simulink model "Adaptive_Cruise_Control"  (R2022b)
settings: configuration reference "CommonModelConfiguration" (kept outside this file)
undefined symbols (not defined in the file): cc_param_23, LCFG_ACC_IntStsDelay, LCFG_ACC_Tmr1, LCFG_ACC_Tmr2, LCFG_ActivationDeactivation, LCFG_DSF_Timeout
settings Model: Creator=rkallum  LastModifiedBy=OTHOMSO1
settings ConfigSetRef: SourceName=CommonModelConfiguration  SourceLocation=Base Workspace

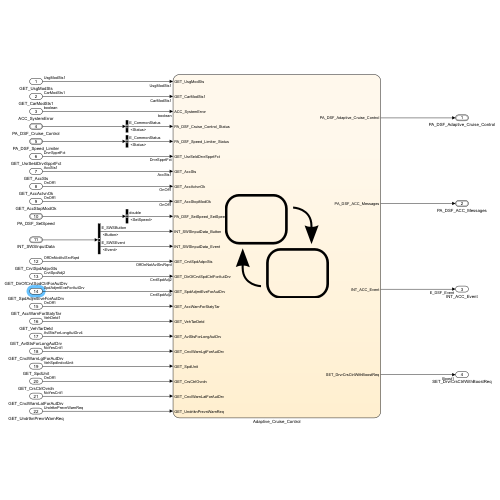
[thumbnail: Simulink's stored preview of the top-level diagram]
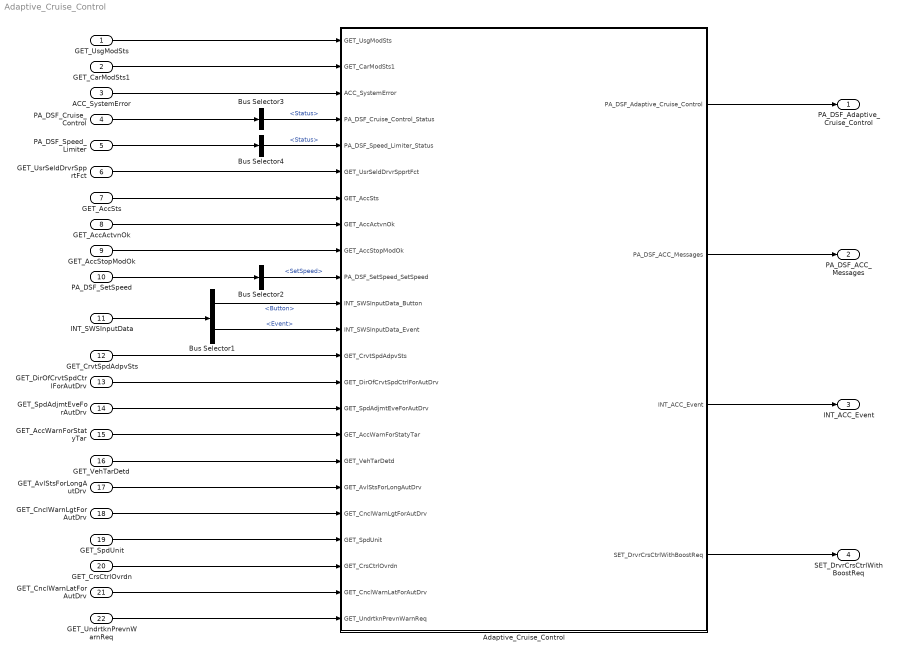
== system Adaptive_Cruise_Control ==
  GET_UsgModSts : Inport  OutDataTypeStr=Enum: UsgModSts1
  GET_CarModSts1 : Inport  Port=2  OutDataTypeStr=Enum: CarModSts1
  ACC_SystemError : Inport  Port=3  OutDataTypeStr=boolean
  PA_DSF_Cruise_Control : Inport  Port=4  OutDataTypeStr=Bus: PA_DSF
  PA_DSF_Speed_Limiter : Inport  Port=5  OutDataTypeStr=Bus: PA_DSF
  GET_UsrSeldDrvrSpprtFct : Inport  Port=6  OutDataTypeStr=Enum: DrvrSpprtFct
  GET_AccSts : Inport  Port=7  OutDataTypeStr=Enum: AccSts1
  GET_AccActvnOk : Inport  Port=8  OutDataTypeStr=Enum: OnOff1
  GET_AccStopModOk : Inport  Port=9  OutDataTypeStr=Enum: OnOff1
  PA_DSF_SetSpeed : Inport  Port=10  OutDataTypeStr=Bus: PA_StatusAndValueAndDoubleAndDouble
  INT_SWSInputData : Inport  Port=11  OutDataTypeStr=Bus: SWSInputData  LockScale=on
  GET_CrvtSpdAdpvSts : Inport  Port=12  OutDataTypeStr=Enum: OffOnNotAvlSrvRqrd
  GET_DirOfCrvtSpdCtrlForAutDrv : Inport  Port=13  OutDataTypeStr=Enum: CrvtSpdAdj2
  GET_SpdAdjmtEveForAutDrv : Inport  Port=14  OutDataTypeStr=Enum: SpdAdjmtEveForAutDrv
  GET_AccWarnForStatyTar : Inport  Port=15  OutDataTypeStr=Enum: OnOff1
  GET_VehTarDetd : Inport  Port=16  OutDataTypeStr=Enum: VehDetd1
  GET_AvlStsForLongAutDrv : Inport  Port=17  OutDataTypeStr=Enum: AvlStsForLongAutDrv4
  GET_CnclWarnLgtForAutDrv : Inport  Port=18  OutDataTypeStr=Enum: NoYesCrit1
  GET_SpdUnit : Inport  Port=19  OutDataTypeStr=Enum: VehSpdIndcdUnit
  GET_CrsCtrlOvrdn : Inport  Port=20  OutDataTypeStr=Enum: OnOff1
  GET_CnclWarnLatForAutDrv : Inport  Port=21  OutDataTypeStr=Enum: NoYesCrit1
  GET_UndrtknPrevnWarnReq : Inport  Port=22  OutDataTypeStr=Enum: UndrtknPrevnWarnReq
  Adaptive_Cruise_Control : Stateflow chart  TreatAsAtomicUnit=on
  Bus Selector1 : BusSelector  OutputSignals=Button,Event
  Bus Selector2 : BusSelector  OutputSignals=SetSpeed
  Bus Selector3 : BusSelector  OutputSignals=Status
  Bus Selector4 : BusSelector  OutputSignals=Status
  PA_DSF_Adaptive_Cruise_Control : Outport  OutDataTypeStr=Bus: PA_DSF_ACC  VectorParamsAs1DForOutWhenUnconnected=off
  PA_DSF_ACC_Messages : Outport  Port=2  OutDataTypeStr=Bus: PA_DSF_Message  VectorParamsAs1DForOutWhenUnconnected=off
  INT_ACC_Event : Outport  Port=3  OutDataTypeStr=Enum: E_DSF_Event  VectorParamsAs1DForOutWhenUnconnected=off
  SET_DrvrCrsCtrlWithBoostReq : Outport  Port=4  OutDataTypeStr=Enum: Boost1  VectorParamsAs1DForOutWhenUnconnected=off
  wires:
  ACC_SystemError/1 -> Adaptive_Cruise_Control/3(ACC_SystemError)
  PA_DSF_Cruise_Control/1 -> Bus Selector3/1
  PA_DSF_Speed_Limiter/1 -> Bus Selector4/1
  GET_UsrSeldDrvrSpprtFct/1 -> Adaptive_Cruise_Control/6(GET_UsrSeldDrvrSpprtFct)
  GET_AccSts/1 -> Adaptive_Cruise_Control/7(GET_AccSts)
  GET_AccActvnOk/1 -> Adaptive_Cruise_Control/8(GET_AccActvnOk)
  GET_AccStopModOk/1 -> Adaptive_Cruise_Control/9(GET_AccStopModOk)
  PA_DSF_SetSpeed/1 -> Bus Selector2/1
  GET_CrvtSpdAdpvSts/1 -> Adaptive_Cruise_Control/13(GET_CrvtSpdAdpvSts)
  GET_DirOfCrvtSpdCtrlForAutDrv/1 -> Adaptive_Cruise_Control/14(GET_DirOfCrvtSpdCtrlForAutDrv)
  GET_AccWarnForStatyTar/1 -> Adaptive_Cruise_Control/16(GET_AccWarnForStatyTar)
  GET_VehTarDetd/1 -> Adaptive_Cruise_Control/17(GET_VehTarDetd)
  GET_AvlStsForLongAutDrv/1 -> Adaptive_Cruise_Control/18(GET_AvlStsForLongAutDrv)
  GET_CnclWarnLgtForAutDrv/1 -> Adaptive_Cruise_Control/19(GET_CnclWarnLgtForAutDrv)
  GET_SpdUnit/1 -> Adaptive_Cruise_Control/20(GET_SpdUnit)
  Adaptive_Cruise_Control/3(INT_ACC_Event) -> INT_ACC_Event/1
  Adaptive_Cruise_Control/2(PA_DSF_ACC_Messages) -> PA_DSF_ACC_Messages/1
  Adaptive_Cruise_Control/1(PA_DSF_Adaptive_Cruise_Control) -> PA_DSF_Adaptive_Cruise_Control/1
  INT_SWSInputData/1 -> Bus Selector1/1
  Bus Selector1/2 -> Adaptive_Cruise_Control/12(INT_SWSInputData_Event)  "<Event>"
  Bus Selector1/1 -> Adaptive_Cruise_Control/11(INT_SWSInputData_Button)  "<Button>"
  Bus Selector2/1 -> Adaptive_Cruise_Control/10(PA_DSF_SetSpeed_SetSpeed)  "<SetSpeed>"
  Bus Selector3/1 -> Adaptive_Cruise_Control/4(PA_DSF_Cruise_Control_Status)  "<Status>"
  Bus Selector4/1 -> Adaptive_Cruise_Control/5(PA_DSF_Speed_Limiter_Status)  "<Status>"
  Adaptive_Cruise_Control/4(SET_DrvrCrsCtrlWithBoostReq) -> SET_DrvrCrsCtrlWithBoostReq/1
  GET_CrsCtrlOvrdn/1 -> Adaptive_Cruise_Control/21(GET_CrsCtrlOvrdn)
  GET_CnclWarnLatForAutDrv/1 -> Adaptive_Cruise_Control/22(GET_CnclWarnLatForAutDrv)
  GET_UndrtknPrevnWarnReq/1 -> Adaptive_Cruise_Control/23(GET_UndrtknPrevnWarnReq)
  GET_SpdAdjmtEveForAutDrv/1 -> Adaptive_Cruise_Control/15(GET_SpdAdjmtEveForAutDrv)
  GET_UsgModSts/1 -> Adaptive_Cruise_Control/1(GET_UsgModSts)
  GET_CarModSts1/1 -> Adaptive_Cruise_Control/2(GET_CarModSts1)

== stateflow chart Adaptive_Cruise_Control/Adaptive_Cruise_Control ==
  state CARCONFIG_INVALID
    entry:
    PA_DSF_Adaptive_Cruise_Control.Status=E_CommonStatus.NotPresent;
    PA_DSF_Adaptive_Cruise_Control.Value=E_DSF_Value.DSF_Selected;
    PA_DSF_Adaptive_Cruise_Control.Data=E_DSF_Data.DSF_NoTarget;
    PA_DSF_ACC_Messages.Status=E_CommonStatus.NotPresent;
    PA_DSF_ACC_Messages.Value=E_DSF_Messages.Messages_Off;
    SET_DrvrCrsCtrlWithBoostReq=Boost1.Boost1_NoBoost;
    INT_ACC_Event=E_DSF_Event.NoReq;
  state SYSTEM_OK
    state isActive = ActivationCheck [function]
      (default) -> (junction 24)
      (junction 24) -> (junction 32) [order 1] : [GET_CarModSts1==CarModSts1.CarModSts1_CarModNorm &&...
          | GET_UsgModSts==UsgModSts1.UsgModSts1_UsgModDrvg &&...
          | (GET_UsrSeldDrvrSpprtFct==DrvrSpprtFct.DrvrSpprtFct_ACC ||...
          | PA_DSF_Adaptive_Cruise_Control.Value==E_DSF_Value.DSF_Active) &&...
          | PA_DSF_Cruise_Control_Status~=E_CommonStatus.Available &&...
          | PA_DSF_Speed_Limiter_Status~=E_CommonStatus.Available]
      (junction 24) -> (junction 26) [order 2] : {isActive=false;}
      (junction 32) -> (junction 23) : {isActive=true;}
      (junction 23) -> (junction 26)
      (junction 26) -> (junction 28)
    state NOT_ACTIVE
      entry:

▶ **DIRECTIONS**
The response must give every line from the material above that holds the string "file".

▶ **ANSWER SECTION**
settings: configuration reference "CommonModelConfiguration" (kept outside this file)
undefined symbols (not defined in the file): cc_param_23, LCFG_ACC_IntStsDelay, LCFG_ACC_Tmr1, LCFG_ACC_Tmr2, LCFG_ActivationDeactivation, LCFG_DSF_Timeout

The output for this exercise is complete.